Harus diingat pula bahwa serial ini tayang pada tahun 1977; tahun 1950-an hingga 1989 merupakan masa-masa dimana Inggris mulai kehilangan pamor internasionalnya karena dekolonisasi, yaitu ketika wilayah-wilayah jajahannya satu-persatu mulai merdeka. Pada masa-masa ini, terjadi reformasi besar-besaran dalam berbagai aspek, ditambah dengan terjadinya arus imigrasi yang besar ke Inggris, isu xenophobia dan rasisme yang kental, serta fakta bahwa banyak generasi baru yang mulai mempertanyakan makna sebenarnya dari "menjadi orang Inggris" di jaman modern, ketika Inggris akhirnya menjadi negara multikultur. Mind Your Language bisalah dianggap sebagai sebuah satir yang memotret benturan kultur, paham xenophobia dan rasisme, serta konsep "beradab" dan "bertatakrama" yang bisa jadi bervariasi antar kultur.

Pada akhirnya, serial ini juga membuat saya senang karena, lepas dari beragam benturan kultur dan paham serta kekacauan yang terjadi di kelas Mr. Brown, para karakternya digambarkan mulai semakin dekat satu sama lain, menjadi semakin akrab dan bersahabat walau sering berdebat, dan saling membantu ketika ada yang mengalami kesulitan; misalnya ketika Danielle diganggu oleh salah satu guru di lembaga pendidikan tersebut, ketika Jamila dituduh mengutil, ketika Mr. Brown terancam dipecat, ketika Ranjit hendak dijodohkan dengan wanita yang tak disukainya, ketika Ms. Courtney hendak ditipu oleh mantan pacarnya, atau ketika Juan membawa teman yang mencari suaka politik di Inggris. Walau kontroversi stereotip pada akhirnya membuat serial ini tidak diteruskan setelah musim ketiga, saya tetap menikmatinya dan merasa bahwa inilah salah satu sitkom Inggris paling berkesan yang pernah saya tonton.

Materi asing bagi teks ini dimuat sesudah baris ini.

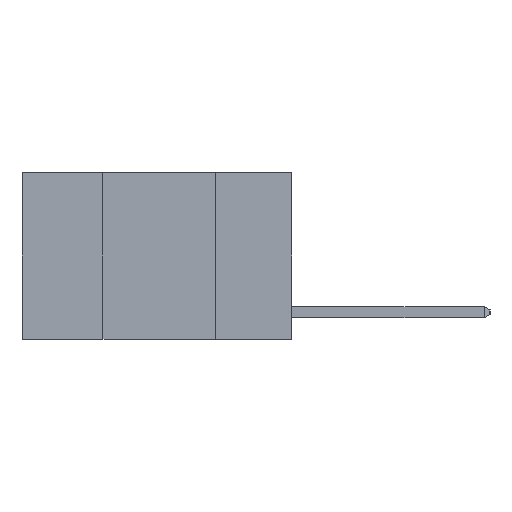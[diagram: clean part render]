
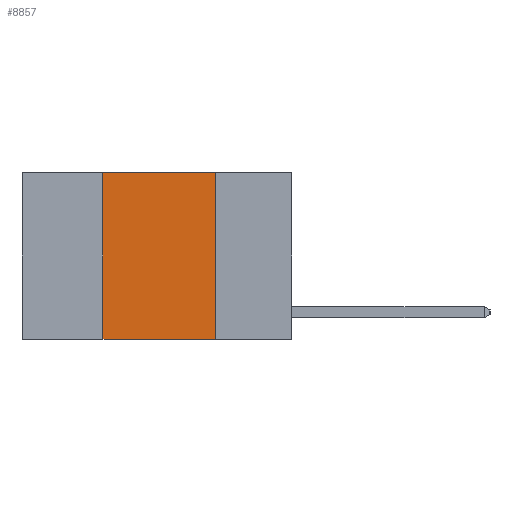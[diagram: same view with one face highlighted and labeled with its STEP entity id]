
A CAD part, left-side view. The second image highlights one B-rep face of the part: STEP entity #8857.
In plain terms, the highlighted planar face has unit normal (-1, 0, 0).
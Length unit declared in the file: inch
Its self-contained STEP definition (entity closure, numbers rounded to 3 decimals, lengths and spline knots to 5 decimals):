
#144 = LINE ( 'NONE', #342, #6226 ) ;
#212 = DIRECTION ( 'NONE',  ( 0., 0., 1. ) ) ;
#342 = CARTESIAN_POINT ( 'NONE',  ( 0., 0.42, 0. ) ) ;
#1369 = VERTEX_POINT ( 'NONE', #1779 ) ;
#1504 = VECTOR ( 'NONE', #2582, 39.37008 ) ;
#1552 = VERTEX_POINT ( 'NONE', #9592 ) ;
#1779 = CARTESIAN_POINT ( 'NONE',  ( 0., 0.42, 0. ) ) ;
#1790 = EDGE_CURVE ( 'NONE', #1552, #1369, #144, .T. ) ;
#1815 = VECTOR ( 'NONE', #2366, 39.37008 ) ;
#1952 = VECTOR ( 'NONE', #5241, 39.37008 ) ;
#2213 = LINE ( 'NONE', #6093, #1952 ) ;
#2366 = DIRECTION ( 'NONE',  ( 0., -1., 0. ) ) ;
#2582 = DIRECTION ( 'NONE',  ( 0., 0., -1. ) ) ;
#3025 = ORIENTED_EDGE ( 'NONE', *, *, #7026, .T. ) ;
#3317 = AXIS2_PLACEMENT_3D ( 'NONE', #9294, #9324, #4470 ) ;
#3687 = PLANE ( 'NONE',  #3317 ) ;
#4470 = DIRECTION ( 'NONE',  ( 0., 0., -1. ) ) ;
#4621 = EDGE_CURVE ( 'NONE', #1369, #9139, #2213, .T. ) ;
#5241 = DIRECTION ( 'NONE',  ( 0., -1., 0. ) ) ;
#5421 = LINE ( 'NONE', #7351, #1504 ) ;
#6064 = ORIENTED_EDGE ( 'NONE', *, *, #1790, .F. ) ;
#6093 = CARTESIAN_POINT ( 'NONE',  ( 0., 0.6, 0. ) ) ;
#6226 = VECTOR ( 'NONE', #212, 39.37008 ) ;
#6739 = FACE_OUTER_BOUND ( 'NONE', #7137, .T. ) ;
#7026 = EDGE_CURVE ( 'NONE', #1552, #9961, #10107, .T. ) ;
#7137 = EDGE_LOOP ( 'NONE', ( #8213, #7768, #6064, #3025 ) ) ;
#7351 = CARTESIAN_POINT ( 'NONE',  ( 0., 0.17, 0. ) ) ;
#7390 = CARTESIAN_POINT ( 'NONE',  ( 0., 0.17, -0.37 ) ) ;
#7768 = ORIENTED_EDGE ( 'NONE', *, *, #4621, .F. ) ;
#8213 = ORIENTED_EDGE ( 'NONE', *, *, #9924, .F. ) ;
#8857 = ADVANCED_FACE ( 'NONE', ( #6739 ), #3687, .F. ) ;
#9139 = VERTEX_POINT ( 'NONE', #9690 ) ;
#9294 = CARTESIAN_POINT ( 'NONE',  ( 0., 0.6, 0. ) ) ;
#9324 = DIRECTION ( 'NONE',  ( 1., 0., 0. ) ) ;
#9592 = CARTESIAN_POINT ( 'NONE',  ( 0., 0.42, -0.37 ) ) ;
#9594 = CARTESIAN_POINT ( 'NONE',  ( 0., 0.6, -0.37 ) ) ;
#9690 = CARTESIAN_POINT ( 'NONE',  ( 0., 0.17, 0. ) ) ;
#9924 = EDGE_CURVE ( 'NONE', #9139, #9961, #5421, .T. ) ;
#9961 = VERTEX_POINT ( 'NONE', #7390 ) ;
#10107 = LINE ( 'NONE', #9594, #1815 ) ;
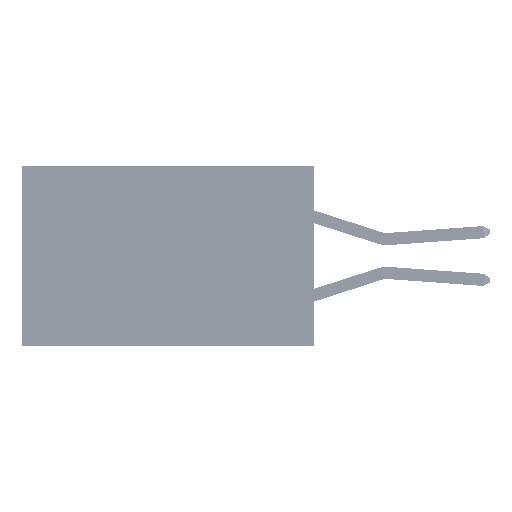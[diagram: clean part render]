
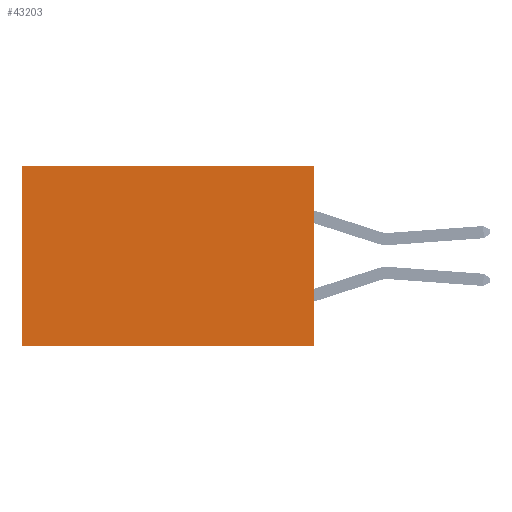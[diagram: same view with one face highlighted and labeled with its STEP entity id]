
A CAD part, left-side view. The second image highlights one B-rep face of the part: STEP entity #43203.
In plain terms, the highlighted planar face has unit normal (-1, 0, 0).
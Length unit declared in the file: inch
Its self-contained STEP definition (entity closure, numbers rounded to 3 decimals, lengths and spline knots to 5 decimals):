
#1305 = EDGE_CURVE ( 'NONE', #5741, #36864, #12137, .T. ) ;
#5741 = VERTEX_POINT ( 'NONE', #8493 ) ;
#8357 = ORIENTED_EDGE ( 'NONE', *, *, #28593, .T. ) ;
#8493 = CARTESIAN_POINT ( 'NONE',  ( 0.2875, 0., 0. ) ) ;
#8996 = CARTESIAN_POINT ( 'NONE',  ( 0.2875, 0., -0.37 ) ) ;
#10520 = ORIENTED_EDGE ( 'NONE', *, *, #1305, .T. ) ;
#12137 = LINE ( 'NONE', #12542, #44272 ) ;
#12542 = CARTESIAN_POINT ( 'NONE',  ( 0.2875, 0., 0. ) ) ;
#13450 = DIRECTION ( 'NONE',  ( 1., 0., 0. ) ) ;
#15526 = CARTESIAN_POINT ( 'NONE',  ( 0.2875, 0.6, 0. ) ) ;
#15793 = LINE ( 'NONE', #45689, #36246 ) ;
#16412 = DIRECTION ( 'NONE',  ( 0., 1., 0. ) ) ;
#16860 = ORIENTED_EDGE ( 'NONE', *, *, #35734, .F. ) ;
#17148 = DIRECTION ( 'NONE',  ( 0., 0., -1. ) ) ;
#18160 = LINE ( 'NONE', #15526, #37495 ) ;
#20055 = VERTEX_POINT ( 'NONE', #41414 ) ;
#20605 = PLANE ( 'NONE',  #41761 ) ;
#22082 = LINE ( 'NONE', #8996, #37538 ) ;
#24319 = CARTESIAN_POINT ( 'NONE',  ( 0.2875, 0., 0. ) ) ;
#24770 = DIRECTION ( 'NONE',  ( 0., 0., -1. ) ) ;
#26409 = DIRECTION ( 'NONE',  ( 0., 0., -1. ) ) ;
#27000 = CARTESIAN_POINT ( 'NONE',  ( 0.2875, 0.6, 0. ) ) ;
#27661 = CARTESIAN_POINT ( 'NONE',  ( 0.2875, 0., -0.37 ) ) ;
#28593 = EDGE_CURVE ( 'NONE', #36864, #20055, #18160, .T. ) ;
#28833 = ORIENTED_EDGE ( 'NONE', *, *, #32268, .F. ) ;
#29989 = FACE_OUTER_BOUND ( 'NONE', #43352, .T. ) ;
#32268 = EDGE_CURVE ( 'NONE', #5741, #39516, #15793, .T. ) ;
#33905 = DIRECTION ( 'NONE',  ( 0., 1., 0. ) ) ;
#35734 = EDGE_CURVE ( 'NONE', #39516, #20055, #22082, .T. ) ;
#36246 = VECTOR ( 'NONE', #24770, 39.37008 ) ;
#36864 = VERTEX_POINT ( 'NONE', #27000 ) ;
#37495 = VECTOR ( 'NONE', #26409, 39.37008 ) ;
#37538 = VECTOR ( 'NONE', #33905, 39.37008 ) ;
#39516 = VERTEX_POINT ( 'NONE', #27661 ) ;
#41414 = CARTESIAN_POINT ( 'NONE',  ( 0.2875, 0.6, -0.37 ) ) ;
#41761 = AXIS2_PLACEMENT_3D ( 'NONE', #24319, #13450, #17148 ) ;
#43203 = ADVANCED_FACE ( 'NONE', ( #29989 ), #20605, .F. ) ;
#43352 = EDGE_LOOP ( 'NONE', ( #8357, #16860, #28833, #10520 ) ) ;
#44272 = VECTOR ( 'NONE', #16412, 39.37008 ) ;
#45689 = CARTESIAN_POINT ( 'NONE',  ( 0.2875, 0., 0. ) ) ;

Seperti kata penulis Inggris Jeremy Paxman: "when the end of empire happened and when the British worldview was turned upside down, the easiest British thing to do was to laugh at it." Humor dalam Mind Your Language adalah cara Inggris memandang kebingungan akan identitas dirinya di tengah-tengah kegalauan masa pasca-kolonialisme. Humor yang terbaik adalah humor yang menertawakan diri sendiri, dan mungkin itulah yang saya dan para fans serial ini pahami dan akhirnya membuat kami tertawa tanpa beban.